Sorry for the absent/sporadic posts. The end of the summer/pre-fall activities are keeping us busy to say the least.
There has been a lot of talking and readjusting of plans and time lines in the last few weeks - somethings are being put on the back-burner (my further education) and more important things are being prodded forward (my husbands further education) and somethings I'm trying my best not to dwell on and give to God (the having more kids thing). We're working hard towards goals, though at the moment I feel like it's slumping along.
When I was younger I managed to get it firmly engrained in my head that if you didn't have a house, an 8-5 job, etc. by the time you were 30 than something must be wrong with you, that you'd failed in someway. I've learned in the last year that this is so far from true, but there are some days when it's tough to remember that.

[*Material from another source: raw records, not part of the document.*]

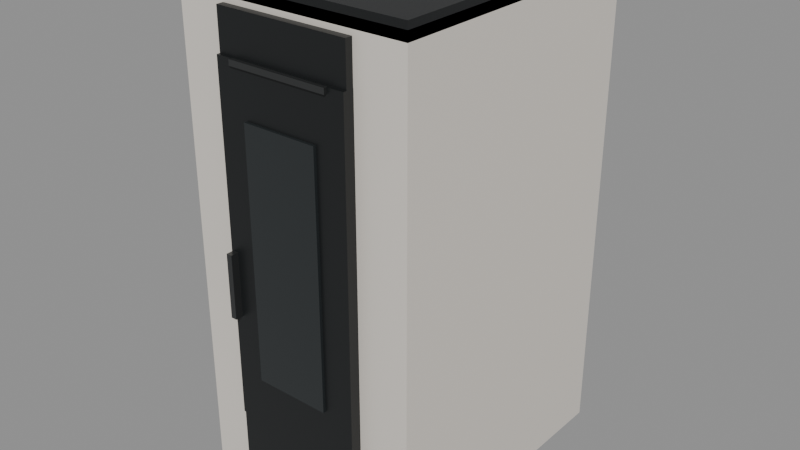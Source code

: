 # Source: stufa-nordica-miriana-idro-h20.blend  (saved by Blender 5.2.45; exported with 4.5.12 LTS)
import bpy
from mathutils import Matrix  # noqa: F401  (used for matrix-valued properties, if any)

bpy.ops.wm.read_factory_settings(use_empty=True)
scene = bpy.context.scene
scene.name = 'Scene'

# ---- materials (node trees are filled in below, after node groups)
mat_maniglia_e_dettagli = bpy.data.materials.new('Maniglia e dettagli')
mat_maniglia_e_dettagli.diffuse_color = (0.065, 0.068, 0.069, 1.0)
mat_acciaio_scuro = bpy.data.materials.new('Acciaio scuro')
mat_acciaio_scuro.diffuse_color = (0.018, 0.02, 0.021, 1.0)
mat_rivestimento_nordica_dahiana_ad = bpy.data.materials.new('Rivestimento nordica-dahiana-ad')
mat_rivestimento_nordica_dahiana_ad.diffuse_color = (0.8, 0.75, 0.68, 1.0)
mat_vetro_camera_spenta = bpy.data.materials.new('Vetro camera spenta')
mat_vetro_camera_spenta.diffuse_color = (0.027, 0.032, 0.034, 1.0)

# ---- material node trees
mat_maniglia_e_dettagli.use_nodes = True; mat_maniglia_e_dettagli.node_tree.nodes.clear()
_N = mat_maniglia_e_dettagli.node_tree.nodes; _L = mat_maniglia_e_dettagli.node_tree.links
n0 = _N.new('ShaderNodeBsdfPrincipled'); n0.name = 'Principled BSDF'; n0.location = (10, 300)
n0.inputs[0].default_value = (0.065, 0.068, 0.069, 1.0)
n0.inputs[1].default_value = 0.65
n0.inputs[2].default_value = 0.28
n0.inputs[10].default_value = 0.005
n1 = _N.new('ShaderNodeOutputMaterial'); n1.name = 'Material Output'; n1.location = (300, 300)
_L.new(n0.outputs[0], n1.inputs[0])
n1.is_active_output = True
mat_acciaio_scuro.use_nodes = True; mat_acciaio_scuro.node_tree.nodes.clear()
_N = mat_acciaio_scuro.node_tree.nodes; _L = mat_acciaio_scuro.node_tree.links
n0 = _N.new('ShaderNodeBsdfPrincipled'); n0.name = 'Principled BSDF'; n0.location = (10, 300)
n0.inputs[0].default_value = (0.018, 0.02, 0.021, 1.0)
n0.inputs[1].default_value = 0.35
n0.inputs[2].default_value = 0.42
n0.inputs[10].default_value = 0.005
n1 = _N.new('ShaderNodeOutputMaterial'); n1.name = 'Material Output'; n1.location = (300, 300)
_L.new(n0.outputs[0], n1.inputs[0])
n1.is_active_output = True
mat_rivestimento_nordica_dahiana_ad.use_nodes = True; mat_rivestimento_nordica_dahiana_ad.node_tree.nodes.clear()
_N = mat_rivestimento_nordica_dahiana_ad.node_tree.nodes; _L = mat_rivestimento_nordica_dahiana_ad.node_tree.links
n0 = _N.new('ShaderNodeBsdfPrincipled'); n0.name = 'Principled BSDF'; n0.location = (10, 300)
n0.inputs[0].default_value = (0.8, 0.75, 0.68, 1.0)
n0.inputs[1].default_value = 0.12
n0.inputs[2].default_value = 0.42
n0.inputs[10].default_value = 0.005
n1 = _N.new('ShaderNodeOutputMaterial'); n1.name = 'Material Output'; n1.location = (300, 300)
_L.new(n0.outputs[0], n1.inputs[0])
n1.is_active_output = True
mat_vetro_camera_spenta.use_nodes = True; mat_vetro_camera_spenta.node_tree.nodes.clear()
_N = mat_vetro_camera_spenta.node_tree.nodes; _L = mat_vetro_camera_spenta.node_tree.links
n0 = _N.new('ShaderNodeBsdfPrincipled'); n0.name = 'Principled BSDF'; n0.location = (10, 300)
n0.inputs[0].default_value = (0.027, 0.032, 0.034, 1.0)
n0.inputs[1].default_value = 0.18
n0.inputs[2].default_value = 0.18
n0.inputs[10].default_value = 0.005
n1 = _N.new('ShaderNodeOutputMaterial'); n1.name = 'Material Output'; n1.location = (300, 300)
_L.new(n0.outputs[0], n1.inputs[0])
n1.is_active_output = True

# ---- meshes
me_cube_002 = bpy.data.meshes.new('Cube.002')
me_cube_002.from_pydata([(-0.1785, -0.1445, -0.002), (-0.1785, -0.1445, -0.002), (-0.1785, -0.1445, -0.002), (-0.1785, -0.1445, 0.002), (-0.1785, -0.1445, 0.002), (-0.1785, -0.1445, 0.002), (-0.1785, 0.1445, -0.002), (-0.1785, 0.1445, -0.002), (-0.1785, 0.1445, -0.002), (-0.1785, 0.1445, 0.002), (-0.1785, 0.1445, 0.002), (-0.1785, 0.1445, 0.002), (0.1785, -0.1445, -0.002), (0.1785, -0.1445, -0.002), (0.1785, -0.1445, -0.002), (0.1785, -0.1445, 0.002), (0.1785, -0.1445, 0.002), (0.1785, -0.1445, 0.002), (0.1785, 0.1445, -0.002), (0.1785, 0.1445, -0.002), (0.1785, 0.1445, -0.002), (0.1785, 0.1445, 0.002), (0.1785, 0.1445, 0.002), (0.1785, 0.1445, 0.002)], [], [(2, 5, 11), (2, 11, 8), (6, 9, 21), (6, 21, 18), (20, 23, 17), (20, 17, 14), (12, 15, 3), (12, 3, 0), (7, 19, 13), (7, 13, 1), (22, 10, 4), (22, 4, 16)])
_uv = me_cube_002.uv_layers.new(name='UVMap')
_uv.uv.foreach_set('vector', [0.375, 0.0, 0.625, 0.0, 0.625, 0.25, 0.375, 0.0, 0.625, 0.25, 0.375, 0.25, 0.375, 0.25, 0.625, 0.25, 0.625, 0.5, 0.375, 0.25, 0.625, 0.5, 0.375, 0.5, 0.375, 0.5, 0.625, 0.5, 0.625, 0.75, 0.375, 0.5, 0.625, 0.75, 0.375, 0.75, 0.375, 0.75, 0.625, 0.75, 0.625, 1.0, 0.375, 0.75, 0.625, 1.0, 0.375, 1.0, 0.125, 0.5, 0.375, 0.5, 0.375, 0.75, 0.125, 0.5, 0.375, 0.75, 0.125, 0.75, 0.625, 0.5, 0.875, 0.5, 0.875, 0.75, 0.625, 0.5, 0.875, 0.75, 0.625, 0.75])
me_cube_002.materials.append(mat_maniglia_e_dettagli)
me_cube_002.update()
me_cube_002.normals_split_custom_set([tuple(v) for v in zip(*[iter([-1.0, 0.0, 0.0, -1.0, 0.0, 0.0, -1.0, 0.0, 0.0, -1.0, 0.0, 0.0, -1.0, 0.0, 0.0, -1.0, 0.0, 0.0, 0.0, 1.0, 0.0, 0.0, 1.0, 0.0, 0.0, 1.0, 0.0, 0.0, 1.0, 0.0, 0.0, 1.0, 0.0, 0.0, 1.0, 0.0, 1.0, 0.0, 0.0, 1.0, 0.0, 0.0, 1.0, 0.0, 0.0, 1.0, 0.0, 0.0, 1.0, 0.0, 0.0, 1.0, 0.0, 0.0, 0.0, -1.0, 0.0, 0.0, -1.0, 0.0, 0.0, -1.0, 0.0, 0.0, -1.0, 0.0, 0.0, -1.0, 0.0, 0.0, -1.0, 0.0, 0.0, 0.0, -1.0, 0.0, 0.0, -1.0, 0.0, 0.0, -1.0, 0.0, 0.0, -1.0, 0.0, 0.0, -1.0, 0.0, 0.0, -1.0, 0.0, 0.0, 1.0, 0.0, 0.0, 1.0, 0.0, 0.0, 1.0, 0.0, 0.0, 1.0, 0.0, 0.0, 1.0, 0.0, 0.0, 1.0])] * 3)])
me_cube_001 = bpy.data.meshes.new('Cube.001')
me_cube_001.from_pydata([(-0.2625, -0.301, -0.0175), (-0.2625, -0.301, -0.0175), (-0.2625, -0.301, -0.0175), (-0.2625, -0.301, 0.0175), (-0.2625, -0.301, 0.0175), (-0.2625, -0.301, 0.0175), (-0.2625, 0.301, -0.0175), (-0.2625, 0.301, -0.0175), (-0.2625, 0.301, -0.0175), (-0.2625, 0.301, 0.0175), (-0.2625, 0.301, 0.0175), (-0.2625, 0.301, 0.0175), (0.2625, -0.301, -0.0175), (0.2625, -0.301, -0.0175), (0.2625, -0.301, -0.0175), (0.2625, -0.301, 0.0175), (0.2625, -0.301, 0.0175), (0.2625, -0.301, 0.0175), (0.2625, 0.301, -0.0175), (0.2625, 0.301, -0.0175), (0.2625, 0.301, -0.0175), (0.2625, 0.301, 0.0175), (0.2625, 0.301, 0.0175), (0.2625, 0.301, 0.0175)], [], [(2, 5, 11), (2, 11, 8), (6, 9, 21), (6, 21, 18), (20, 23, 17), (20, 17, 14), (12, 15, 3), (12, 3, 0), (7, 19, 13), (7, 13, 1), (22, 10, 4), (22, 4, 16)])
_uv = me_cube_001.uv_layers.new(name='UVMap')
_uv.uv.foreach_set('vector', [0.375, 0.0, 0.625, 0.0, 0.625, 0.25, 0.375, 0.0, 0.625, 0.25, 0.375, 0.25, 0.375, 0.25, 0.625, 0.25, 0.625, 0.5, 0.375, 0.25, 0.625, 0.5, 0.375, 0.5, 0.375, 0.5, 0.625, 0.5, 0.625, 0.75, 0.375, 0.5, 0.625, 0.75, 0.375, 0.75, 0.375, 0.75, 0.625, 0.75, 0.625, 1.0, 0.375, 0.75, 0.625, 1.0, 0.375, 1.0, 0.125, 0.5, 0.375, 0.5, 0.375, 0.75, 0.125, 0.5, 0.375, 0.75, 0.125, 0.75, 0.625, 0.5, 0.875, 0.5, 0.875, 0.75, 0.625, 0.5, 0.875, 0.75, 0.625, 0.75])
me_cube_001.materials.append(mat_acciaio_scuro)
me_cube_001.update()
me_cube_001.normals_split_custom_set([tuple(v) for v in zip(*[iter([-1.0, 0.0, 0.0, -1.0, 0.0, 0.0, -1.0, 0.0, 0.0, -1.0, 0.0, 0.0, -1.0, 0.0, 0.0, -1.0, 0.0, 0.0, 0.0, 1.0, 0.0, 0.0, 1.0, 0.0, 0.0, 1.0, 0.0, 0.0, 1.0, 0.0, 0.0, 1.0, 0.0, 0.0, 1.0, 0.0, 1.0, 0.0, 0.0, 1.0, 0.0, 0.0, 1.0, 0.0, 0.0, 1.0, 0.0, 0.0, 1.0, 0.0, 0.0, 1.0, 0.0, 0.0, 0.0, -1.0, 0.0, 0.0, -1.0, 0.0, 0.0, -1.0, 0.0, 0.0, -1.0, 0.0, 0.0, -1.0, 0.0, 0.0, -1.0, 0.0, 0.0, 0.0, -1.0, 0.0, 0.0, -1.0, 0.0, 0.0, -1.0, 0.0, 0.0, -1.0, 0.0, 0.0, -1.0, 0.0, 0.0, -1.0, 0.0, 0.0, 1.0, 0.0, 0.0, 1.0, 0.0, 0.0, 1.0, 0.0, 0.0, 1.0, 0.0, 0.0, 1.0, 0.0, 0.0, 1.0])] * 3)])
me_cube = bpy.data.meshes.new('Cube')
me_cube.from_pydata([(-0.2625, -0.301, -0.5275), (-0.2625, -0.301, -0.5275), (-0.2625, -0.301, -0.5275), (-0.2625, -0.301, 0.5275), (-0.2625, -0.301, 0.5275), (-0.2625, -0.301, 0.5275), (-0.2625, 0.301, -0.5275), (-0.2625, 0.301, -0.5275), (-0.2625, 0.301, -0.5275), (-0.2625, 0.301, 0.5275), (-0.2625, 0.301, 0.5275), (-0.2625, 0.301, 0.5275), (0.2625, -0.301, -0.5275), (0.2625, -0.301, -0.5275), (0.2625, -0.301, -0.5275), (0.2625, -0.301, 0.5275), (0.2625, -0.301, 0.5275), (0.2625, -0.301, 0.5275), (0.2625, 0.301, -0.5275), (0.2625, 0.301, -0.5275), (0.2625, 0.301, -0.5275), (0.2625, 0.301, 0.5275), (0.2625, 0.301, 0.5275), (0.2625, 0.301, 0.5275)], [], [(2, 5, 11), (2, 11, 8), (6, 9, 21), (6, 21, 18), (20, 23, 17), (20, 17, 14), (12, 15, 3), (12, 3, 0), (7, 19, 13), (7, 13, 1), (22, 10, 4), (22, 4, 16)])
_uv = me_cube.uv_layers.new(name='UVMap')
_uv.uv.foreach_set('vector', [0.375, 0.0, 0.625, 0.0, 0.625, 0.25, 0.375, 0.0, 0.625, 0.25, 0.375, 0.25, 0.375, 0.25, 0.625, 0.25, 0.625, 0.5, 0.375, 0.25, 0.625, 0.5, 0.375, 0.5, 0.375, 0.5, 0.625, 0.5, 0.625, 0.75, 0.375, 0.5, 0.625, 0.75, 0.375, 0.75, 0.375, 0.75, 0.625, 0.75, 0.625, 1.0, 0.375, 0.75, 0.625, 1.0, 0.375, 1.0, 0.125, 0.5, 0.375, 0.5, 0.375, 0.75, 0.125, 0.5, 0.375, 0.75, 0.125, 0.75, 0.625, 0.5, 0.875, 0.5, 0.875, 0.75, 0.625, 0.5, 0.875, 0.75, 0.625, 0.75])
me_cube.materials.append(mat_rivestimento_nordica_dahiana_ad)
me_cube.update()
me_cube.normals_split_custom_set([tuple(v) for v in zip(*[iter([-1.0, 0.0, 0.0, -1.0, 0.0, 0.0, -1.0, 0.0, 0.0, -1.0, 0.0, 0.0, -1.0, 0.0, 0.0, -1.0, 0.0, 0.0, 0.0, 1.0, 0.0, 0.0, 1.0, 0.0, 0.0, 1.0, 0.0, 0.0, 1.0, 0.0, 0.0, 1.0, 0.0, 0.0, 1.0, 0.0, 1.0, 0.0, 0.0, 1.0, 0.0, 0.0, 1.0, 0.0, 0.0, 1.0, 0.0, 0.0, 1.0, 0.0, 0.0, 1.0, 0.0, 0.0, 0.0, -1.0, 0.0, 0.0, -1.0, 0.0, 0.0, -1.0, 0.0, 0.0, -1.0, 0.0, 0.0, -1.0, 0.0, 0.0, -1.0, 0.0, 0.0, 0.0, -1.0, 0.0, 0.0, -1.0, 0.0, 0.0, -1.0, 0.0, 0.0, -1.0, 0.0, 0.0, -1.0, 0.0, 0.0, -1.0, 0.0, 0.0, 1.0, 0.0, 0.0, 1.0, 0.0, 0.0, 1.0, 0.0, 0.0, 1.0, 0.0, 0.0, 1.0, 0.0, 0.0, 1.0])] * 3)])
me_cube_007 = bpy.data.meshes.new('Cube.007')
me_cube_007.from_pydata([(-0.1129, -0.004, -0.006), (-0.1129, -0.004, -0.006), (-0.1129, -0.004, -0.006), (-0.1129, -0.004, 0.006), (-0.1129, -0.004, 0.006), (-0.1129, -0.004, 0.006), (-0.1129, 0.004, -0.006), (-0.1129, 0.004, -0.006), (-0.1129, 0.004, -0.006), (-0.1129, 0.004, 0.006), (-0.1129, 0.004, 0.006), (-0.1129, 0.004, 0.006), (0.1129, -0.004, -0.006), (0.1129, -0.004, -0.006), (0.1129, -0.004, -0.006), (0.1129, -0.004, 0.006), (0.1129, -0.004, 0.006), (0.1129, -0.004, 0.006), (0.1129, 0.004, -0.006), (0.1129, 0.004, -0.006), (0.1129, 0.004, -0.006), (0.1129, 0.004, 0.006), (0.1129, 0.004, 0.006), (0.1129, 0.004, 0.006)], [], [(2, 5, 11), (2, 11, 8), (6, 9, 21), (6, 21, 18), (20, 23, 17), (20, 17, 14), (12, 15, 3), (12, 3, 0), (7, 19, 13), (7, 13, 1), (22, 10, 4), (22, 4, 16)])
_uv = me_cube_007.uv_layers.new(name='UVMap')
_uv.uv.foreach_set('vector', [0.375, 0.0, 0.625, 0.0, 0.625, 0.25, 0.375, 0.0, 0.625, 0.25, 0.375, 0.25, 0.375, 0.25, 0.625, 0.25, 0.625, 0.5, 0.375, 0.25, 0.625, 0.5, 0.375, 0.5, 0.375, 0.5, 0.625, 0.5, 0.625, 0.75, 0.375, 0.5, 0.625, 0.75, 0.375, 0.75, 0.375, 0.75, 0.625, 0.75, 0.625, 1.0, 0.375, 0.75, 0.625, 1.0, 0.375, 1.0, 0.125, 0.5, 0.375, 0.5, 0.375, 0.75, 0.125, 0.5, 0.375, 0.75, 0.125, 0.75, 0.625, 0.5, 0.875, 0.5, 0.875, 0.75, 0.625, 0.5, 0.875, 0.75, 0.625, 0.75])
me_cube_007.materials.append(mat_maniglia_e_dettagli)
me_cube_007.update()
me_cube_007.normals_split_custom_set([tuple(v) for v in zip(*[iter([-1.0, 0.0, 0.0, -1.0, 0.0, 0.0, -1.0, 0.0, 0.0, -1.0, 0.0, 0.0, -1.0, 0.0, 0.0, -1.0, 0.0, 0.0, 0.0, 1.0, 0.0, 0.0, 1.0, 0.0, 0.0, 1.0, 0.0, 0.0, 1.0, 0.0, 0.0, 1.0, 0.0, 0.0, 1.0, 0.0, 1.0, 0.0, 0.0, 1.0, 0.0, 0.0, 1.0, 0.0, 0.0, 1.0, 0.0, 0.0, 1.0, 0.0, 0.0, 1.0, 0.0, 0.0, 0.0, -1.0, 0.0, 0.0, -1.0, 0.0, 0.0, -1.0, 0.0, 0.0, -1.0, 0.0, 0.0, -1.0, 0.0, 0.0, -1.0, 0.0, 0.0, 0.0, -1.0, 0.0, 0.0, -1.0, 0.0, 0.0, -1.0, 0.0, 0.0, -1.0, 0.0, 0.0, -1.0, 0.0, 0.0, -1.0, 0.0, 0.0, 1.0, 0.0, 0.0, 1.0, 0.0, 0.0, 1.0, 0.0, 0.0, 1.0, 0.0, 0.0, 1.0, 0.0, 0.0, 1.0])] * 3)])
me_cube_006 = bpy.data.meshes.new('Cube.006')
me_cube_006.from_pydata([(-0.0065, -0.0125, -0.07), (-0.0065, -0.0125, -0.07), (-0.0065, -0.0125, -0.07), (-0.0065, -0.0125, 0.07), (-0.0065, -0.0125, 0.07), (-0.0065, -0.0125, 0.07), (-0.0065, 0.0125, -0.07), (-0.0065, 0.0125, -0.07), (-0.0065, 0.0125, -0.07), (-0.0065, 0.0125, 0.07), (-0.0065, 0.0125, 0.07), (-0.0065, 0.0125, 0.07), (0.0065, -0.0125, -0.07), (0.0065, -0.0125, -0.07), (0.0065, -0.0125, -0.07), (0.0065, -0.0125, 0.07), (0.0065, -0.0125, 0.07), (0.0065, -0.0125, 0.07), (0.0065, 0.0125, -0.07), (0.0065, 0.0125, -0.07), (0.0065, 0.0125, -0.07), (0.0065, 0.0125, 0.07), (0.0065, 0.0125, 0.07), (0.0065, 0.0125, 0.07)], [], [(2, 5, 11), (2, 11, 8), (6, 9, 21), (6, 21, 18), (20, 23, 17), (20, 17, 14), (12, 15, 3), (12, 3, 0), (7, 19, 13), (7, 13, 1), (22, 10, 4), (22, 4, 16)])
_uv = me_cube_006.uv_layers.new(name='UVMap')
_uv.uv.foreach_set('vector', [0.375, 0.0, 0.625, 0.0, 0.625, 0.25, 0.375, 0.0, 0.625, 0.25, 0.375, 0.25, 0.375, 0.25, 0.625, 0.25, 0.625, 0.5, 0.375, 0.25, 0.625, 0.5, 0.375, 0.5, 0.375, 0.5, 0.625, 0.5, 0.625, 0.75, 0.375, 0.5, 0.625, 0.75, 0.375, 0.75, 0.375, 0.75, 0.625, 0.75, 0.625, 1.0, 0.375, 0.75, 0.625, 1.0, 0.375, 1.0, 0.125, 0.5, 0.375, 0.5, 0.375, 0.75, 0.125, 0.5, 0.375, 0.75, 0.125, 0.75, 0.625, 0.5, 0.875, 0.5, 0.875, 0.75, 0.625, 0.5, 0.875, 0.75, 0.625, 0.75])
me_cube_006.materials.append(mat_maniglia_e_dettagli)
me_cube_006.update()
me_cube_006.normals_split_custom_set([tuple(v) for v in zip(*[iter([-1.0, 0.0, 0.0, -1.0, 0.0, 0.0, -1.0, 0.0, 0.0, -1.0, 0.0, 0.0, -1.0, 0.0, 0.0, -1.0, 0.0, 0.0, 0.0, 1.0, 0.0, 0.0, 1.0, 0.0, 0.0, 1.0, 0.0, 0.0, 1.0, 0.0, 0.0, 1.0, 0.0, 0.0, 1.0, 0.0, 1.0, 0.0, 0.0, 1.0, 0.0, 0.0, 1.0, 0.0, 0.0, 1.0, 0.0, 0.0, 1.0, 0.0, 0.0, 1.0, 0.0, 0.0, 0.0, -1.0, 0.0, 0.0, -1.0, 0.0, 0.0, -1.0, 0.0, 0.0, -1.0, 0.0, 0.0, -1.0, 0.0, 0.0, -1.0, 0.0, 0.0, 0.0, -1.0, 0.0, 0.0, -1.0, 0.0, 0.0, -1.0, 0.0, 0.0, -1.0, 0.0, 0.0, -1.0, 0.0, 0.0, -1.0, 0.0, 0.0, 1.0, 0.0, 0.0, 1.0, 0.0, 0.0, 1.0, 0.0, 0.0, 1.0, 0.0, 0.0, 1.0, 0.0, 0.0, 1.0])] * 3)])
me_cube_005 = bpy.data.meshes.new('Cube.005')
me_cube_005.from_pydata([(-0.1496, -0.01, -0.1026), (-0.1496, -0.01, -0.1026), (-0.1496, -0.01, -0.1026), (-0.1496, -0.01, 0.1026), (-0.1496, -0.01, 0.1026), (-0.1496, -0.01, 0.1026), (-0.1496, 0.01, -0.1026), (-0.1496, 0.01, -0.1026), (-0.1496, 0.01, -0.1026), (-0.1496, 0.01, 0.1026), (-0.1496, 0.01, 0.1026), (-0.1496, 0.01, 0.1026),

Sometimes the web is good for this - Ravelry forums have proven to be an amazing source of confidence boosting fellow knitters - and sometimes all I can see are all the success of people who, to the extent of my knowledge, have it all together. Then I have my moments where you get to see that those shiny happy blogs aren't always what they seem - a post here and there suggestions marital woes, money problems, learning that they didn't get the house/the kids/etc. until they were much older than I am and you're able to realize you're not as bad off as you think.
Soon I'll be back on my regular schedule again - I've got book reviews to finish, a test knit to seam, Christmas Projects to start (yep you read that correctly!), corn to pick (before the raccoons figure out it's ripe), pumpkins to nurture, a family photo shoot to arrange, a baptism to plan and a baby to adore and a husband who's ever so patient with my slumps.